- Provided records:

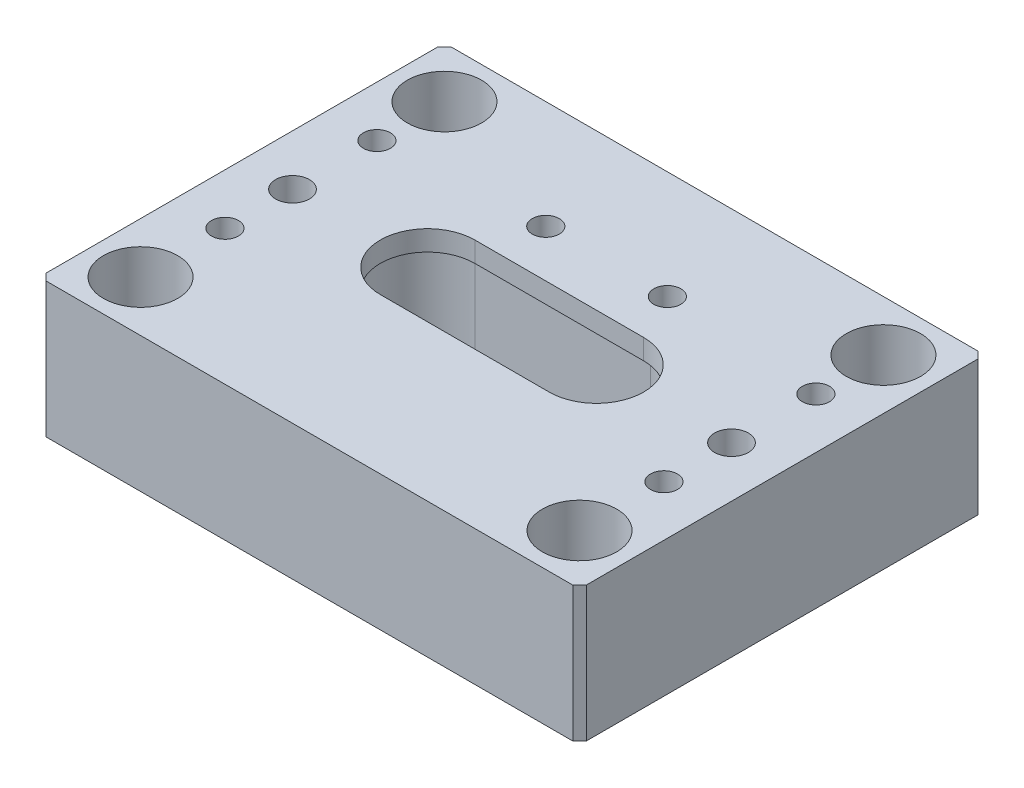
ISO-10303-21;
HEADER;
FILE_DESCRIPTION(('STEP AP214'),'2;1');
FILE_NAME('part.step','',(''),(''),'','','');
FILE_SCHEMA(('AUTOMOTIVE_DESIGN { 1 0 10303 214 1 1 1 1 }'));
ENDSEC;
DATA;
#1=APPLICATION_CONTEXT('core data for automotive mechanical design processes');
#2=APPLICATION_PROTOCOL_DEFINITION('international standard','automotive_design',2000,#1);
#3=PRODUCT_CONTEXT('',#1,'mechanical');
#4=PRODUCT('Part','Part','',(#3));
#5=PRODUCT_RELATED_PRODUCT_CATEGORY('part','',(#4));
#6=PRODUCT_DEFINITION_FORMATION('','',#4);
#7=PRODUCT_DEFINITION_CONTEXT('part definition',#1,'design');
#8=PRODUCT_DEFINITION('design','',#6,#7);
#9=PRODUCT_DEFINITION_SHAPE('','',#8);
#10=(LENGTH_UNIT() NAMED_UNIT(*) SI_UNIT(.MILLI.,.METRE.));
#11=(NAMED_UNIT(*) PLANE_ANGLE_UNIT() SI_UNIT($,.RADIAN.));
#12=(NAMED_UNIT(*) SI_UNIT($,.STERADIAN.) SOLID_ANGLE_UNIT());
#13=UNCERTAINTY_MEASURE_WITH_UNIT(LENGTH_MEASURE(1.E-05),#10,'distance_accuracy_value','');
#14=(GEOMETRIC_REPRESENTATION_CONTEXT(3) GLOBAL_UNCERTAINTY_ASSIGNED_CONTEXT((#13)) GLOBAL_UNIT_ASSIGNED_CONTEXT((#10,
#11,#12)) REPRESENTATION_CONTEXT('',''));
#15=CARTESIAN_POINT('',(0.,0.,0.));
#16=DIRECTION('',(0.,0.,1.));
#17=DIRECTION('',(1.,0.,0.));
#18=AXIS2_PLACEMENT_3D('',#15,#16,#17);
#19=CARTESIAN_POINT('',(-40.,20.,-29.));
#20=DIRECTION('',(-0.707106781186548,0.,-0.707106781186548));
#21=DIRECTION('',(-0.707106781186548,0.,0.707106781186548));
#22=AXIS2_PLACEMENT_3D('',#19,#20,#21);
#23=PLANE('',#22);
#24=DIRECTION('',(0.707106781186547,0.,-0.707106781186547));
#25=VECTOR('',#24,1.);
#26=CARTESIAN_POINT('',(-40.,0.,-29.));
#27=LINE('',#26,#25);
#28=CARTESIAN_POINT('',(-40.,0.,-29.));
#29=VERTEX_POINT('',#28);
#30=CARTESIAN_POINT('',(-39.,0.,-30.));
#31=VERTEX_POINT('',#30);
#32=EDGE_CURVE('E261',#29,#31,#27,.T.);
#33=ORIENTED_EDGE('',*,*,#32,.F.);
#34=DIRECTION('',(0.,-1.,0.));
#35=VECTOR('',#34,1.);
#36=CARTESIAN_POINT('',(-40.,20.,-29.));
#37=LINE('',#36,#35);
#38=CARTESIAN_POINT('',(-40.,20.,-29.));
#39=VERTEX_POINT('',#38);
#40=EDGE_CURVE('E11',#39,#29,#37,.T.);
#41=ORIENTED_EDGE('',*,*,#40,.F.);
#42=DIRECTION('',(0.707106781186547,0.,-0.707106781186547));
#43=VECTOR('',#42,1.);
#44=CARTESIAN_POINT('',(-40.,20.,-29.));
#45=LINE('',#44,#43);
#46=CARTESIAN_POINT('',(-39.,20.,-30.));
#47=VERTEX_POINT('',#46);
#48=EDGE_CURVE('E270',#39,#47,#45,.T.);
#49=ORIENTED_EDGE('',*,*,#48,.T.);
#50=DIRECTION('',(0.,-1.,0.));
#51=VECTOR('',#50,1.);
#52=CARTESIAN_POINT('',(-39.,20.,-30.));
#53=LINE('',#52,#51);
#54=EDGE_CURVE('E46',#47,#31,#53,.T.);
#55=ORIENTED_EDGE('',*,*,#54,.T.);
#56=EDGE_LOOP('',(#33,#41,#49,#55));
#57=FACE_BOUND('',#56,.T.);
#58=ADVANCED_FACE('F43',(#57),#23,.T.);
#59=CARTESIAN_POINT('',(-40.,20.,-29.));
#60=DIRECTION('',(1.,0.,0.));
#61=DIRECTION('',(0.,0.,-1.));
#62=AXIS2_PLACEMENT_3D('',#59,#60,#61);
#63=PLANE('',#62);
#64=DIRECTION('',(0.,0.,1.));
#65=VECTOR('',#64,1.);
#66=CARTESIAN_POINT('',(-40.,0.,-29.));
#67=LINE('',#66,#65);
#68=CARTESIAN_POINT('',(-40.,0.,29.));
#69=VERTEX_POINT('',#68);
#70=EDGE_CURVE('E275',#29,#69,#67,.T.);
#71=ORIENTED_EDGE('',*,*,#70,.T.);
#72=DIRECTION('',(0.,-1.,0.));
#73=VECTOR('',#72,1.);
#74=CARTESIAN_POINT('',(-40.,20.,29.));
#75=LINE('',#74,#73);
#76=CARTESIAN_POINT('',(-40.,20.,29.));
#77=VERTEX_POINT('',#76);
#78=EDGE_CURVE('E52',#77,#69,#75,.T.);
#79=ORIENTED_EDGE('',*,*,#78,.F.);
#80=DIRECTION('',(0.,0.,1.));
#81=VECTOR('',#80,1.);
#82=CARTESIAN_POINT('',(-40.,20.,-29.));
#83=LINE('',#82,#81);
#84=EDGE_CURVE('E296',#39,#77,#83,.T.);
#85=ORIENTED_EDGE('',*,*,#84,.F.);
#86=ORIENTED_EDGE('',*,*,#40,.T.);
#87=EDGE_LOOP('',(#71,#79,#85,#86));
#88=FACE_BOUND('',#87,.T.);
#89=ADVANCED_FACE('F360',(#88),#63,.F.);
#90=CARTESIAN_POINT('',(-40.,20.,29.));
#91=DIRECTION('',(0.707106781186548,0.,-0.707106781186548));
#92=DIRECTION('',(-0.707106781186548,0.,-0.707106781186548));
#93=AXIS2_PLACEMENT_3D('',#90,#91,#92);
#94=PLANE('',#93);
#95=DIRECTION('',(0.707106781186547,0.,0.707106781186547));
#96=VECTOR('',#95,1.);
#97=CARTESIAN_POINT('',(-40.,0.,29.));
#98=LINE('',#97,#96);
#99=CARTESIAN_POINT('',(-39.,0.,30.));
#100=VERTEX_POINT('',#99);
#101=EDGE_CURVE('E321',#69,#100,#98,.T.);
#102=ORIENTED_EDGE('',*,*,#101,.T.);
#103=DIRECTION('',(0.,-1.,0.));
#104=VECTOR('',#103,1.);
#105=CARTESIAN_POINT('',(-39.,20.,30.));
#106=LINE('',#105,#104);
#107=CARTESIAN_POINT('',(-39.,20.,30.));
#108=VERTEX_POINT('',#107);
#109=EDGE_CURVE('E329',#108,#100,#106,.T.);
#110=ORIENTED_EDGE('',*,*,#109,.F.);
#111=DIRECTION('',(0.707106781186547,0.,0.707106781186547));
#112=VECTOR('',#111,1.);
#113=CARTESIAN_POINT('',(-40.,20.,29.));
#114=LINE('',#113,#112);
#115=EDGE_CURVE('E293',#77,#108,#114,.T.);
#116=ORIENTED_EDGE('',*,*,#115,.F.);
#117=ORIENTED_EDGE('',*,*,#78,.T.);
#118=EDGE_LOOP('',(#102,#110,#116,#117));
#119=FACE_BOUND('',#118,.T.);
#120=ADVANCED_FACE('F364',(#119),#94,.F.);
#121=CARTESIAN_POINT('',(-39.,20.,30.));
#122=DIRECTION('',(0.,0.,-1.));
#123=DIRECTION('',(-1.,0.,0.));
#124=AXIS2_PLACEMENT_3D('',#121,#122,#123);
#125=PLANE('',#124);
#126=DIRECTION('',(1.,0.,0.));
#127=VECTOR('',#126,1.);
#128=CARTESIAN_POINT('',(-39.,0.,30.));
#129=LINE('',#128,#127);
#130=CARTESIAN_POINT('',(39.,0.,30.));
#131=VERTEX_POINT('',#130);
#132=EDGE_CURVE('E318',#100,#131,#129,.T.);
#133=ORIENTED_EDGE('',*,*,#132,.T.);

- About this task:
Everything above from the line containing "#59=CARTESIAN_POINT('',(-40.,20.,-29.));" down to the line containing "#102=ORIENTED_EDGE('',*,*,#101,.T.);" is to be transcribed exactly, with both of those lines included and nothing else added.

- Result:
#59=CARTESIAN_POINT('',(-40.,20.,-29.));
#60=DIRECTION('',(1.,0.,0.));
#61=DIRECTION('',(0.,0.,-1.));
#62=AXIS2_PLACEMENT_3D('',#59,#60,#61);
#63=PLANE('',#62);
#64=DIRECTION('',(0.,0.,1.));
#65=VECTOR('',#64,1.);
#66=CARTESIAN_POINT('',(-40.,0.,-29.));
#67=LINE('',#66,#65);
#68=CARTESIAN_POINT('',(-40.,0.,29.));
#69=VERTEX_POINT('',#68);
#70=EDGE_CURVE('E275',#29,#69,#67,.T.);
#71=ORIENTED_EDGE('',*,*,#70,.T.);
#72=DIRECTION('',(0.,-1.,0.));
#73=VECTOR('',#72,1.);
#74=CARTESIAN_POINT('',(-40.,20.,29.));
#75=LINE('',#74,#73);
#76=CARTESIAN_POINT('',(-40.,20.,29.));
#77=VERTEX_POINT('',#76);
#78=EDGE_CURVE('E52',#77,#69,#75,.T.);
#79=ORIENTED_EDGE('',*,*,#78,.F.);
#80=DIRECTION('',(0.,0.,1.));
#81=VECTOR('',#80,1.);
#82=CARTESIAN_POINT('',(-40.,20.,-29.));
#83=LINE('',#82,#81);
#84=EDGE_CURVE('E296',#39,#77,#83,.T.);
#85=ORIENTED_EDGE('',*,*,#84,.F.);
#86=ORIENTED_EDGE('',*,*,#40,.T.);
#87=EDGE_LOOP('',(#71,#79,#85,#86));
#88=FACE_BOUND('',#87,.T.);
#89=ADVANCED_FACE('F360',(#88),#63,.F.);
#90=CARTESIAN_POINT('',(-40.,20.,29.));
#91=DIRECTION('',(0.707106781186548,0.,-0.707106781186548));
#92=DIRECTION('',(-0.707106781186548,0.,-0.707106781186548));
#93=AXIS2_PLACEMENT_3D('',#90,#91,#92);
#94=PLANE('',#93);
#95=DIRECTION('',(0.707106781186547,0.,0.707106781186547));
#96=VECTOR('',#95,1.);
#97=CARTESIAN_POINT('',(-40.,0.,29.));
#98=LINE('',#97,#96);
#99=CARTESIAN_POINT('',(-39.,0.,30.));
#100=VERTEX_POINT('',#99);
#101=EDGE_CURVE('E321',#69,#100,#98,.T.);
#102=ORIENTED_EDGE('',*,*,#101,.T.);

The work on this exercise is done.